As for the other eight, he gave credit to his co-authors in every single case. And Little, Brown, and Co. put Patterson's name huge on the cover because he's the name that sells the book. Even if it was Maxine Paetro who did most of the heavy lifting on PRIVATE and THE 9TH JUDGMENT, for example.

But look at it this way... would Women's Murder Club have sold as well if it had been MAXINE PAETRO's WOMEN'S MURDER CLUB? By now she could go solo like that without a drop-off... but would Little Brown and Co. back her with the same level of marketing? Maybe now... but certainly not back when the series was first being launched. Back then, Maxine Paetro wasn't a name. Patterson was. Their collaboration has helped Paetro's career tremendously, even if her name isn't in 140-point type.

A lot of folks are also making assumptions about how these collaborations work. "Oh, Patterson just tosses out an outline and never touches it again."

Really? Where's the proof?

The truth is, none of us know. And unless someday Maxine Paetro writes a tell-all, we probably never will. But if his co-authors are happy and these otherwise-midlist authors are getting onto the NYT list... who cares?

I can tell you this, if I was going the traditional publishing route and I had an agent approach me, or Little Brown approach me and say something like:

"Hey, we like this, but if we publish it, it's going to get a tiny print run and go nowhere. But if you're up for it, we'd like you to work with James Patterson; he'll give you ideas and feedback and probably put a final polish on it, and we'll be able to sell loads of them and you'll make way better money, whaddaya say..."

...Well, all I can say is, as an unpublished author, I'd see that as a HUGE break and would totally be willing to "collaborate with Jim" for a five-book contract and then break out on my own. Or whatever the deal might be.

But I'm not going the traditional route, I'm going the Kindle indie route, and so the point is moot.

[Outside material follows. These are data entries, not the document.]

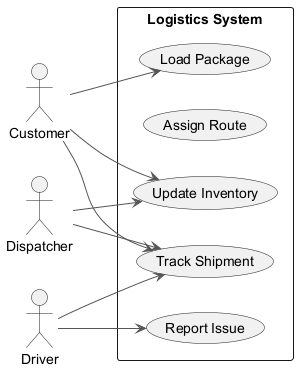

The diagram above was rendered by PlantUML. Its source (embedded in the PNG):
@startuml
skinparam backgroundColor #FFFFFF
skinparam classBackgroundColor #F3E5F5
skinparam classBorderColor #6A1B9A
skinparam ArrowColor #555555
left to right direction
actor "Customer" as Customer
actor "Driver" as Driver
actor "Dispatcher" as Dispatcher
rectangle "Logistics System" {
  usecase "Track Shipment" as UC_TrackShipment
  usecase "Assign Route" as UC_AssignRoute
  usecase "Update Inventory" as UC_UpdateInventory
  usecase "Load Package" as UC_LoadPackage
  usecase "Report Issue" as UC_ReportIssue
}
Customer --> UC_TrackShipment
Customer --> UC_LoadPackage
Customer --> UC_UpdateInventory
Driver --> UC_TrackShipment
Driver --> UC_ReportIssue
Dispatcher --> UC_TrackShipment
Dispatcher --> UC_UpdateInventory
@enduml

But I'm just saying... it's not as bad a deal as some folks are making it sound.

And while I know this comes from JP's official Web site so some might doubt its validity, this was a fascinating third-party account of JP's personality and approach:

http://www.jamespatterson.com/about_knewHimWhen.php

---

As to JP's recent titles...

For me, the Alex Cross books are the true addiction. Love 'em. I think he got mired down for a while, somewhere around FOUR BLIND MICE through MARY MARY.

But ever since the series kinda "relaunched" with CROSS, it's been better again... except for CROSS COUNTRY and the misleadingly-titled ALEX CROSS's TRIAL.

I enjoyed the first couple WOMEN'S MURDER CLUB but couldn't afford to keep up. Now I have a backlog of them sitting on my Kindle, which I'll get to someday.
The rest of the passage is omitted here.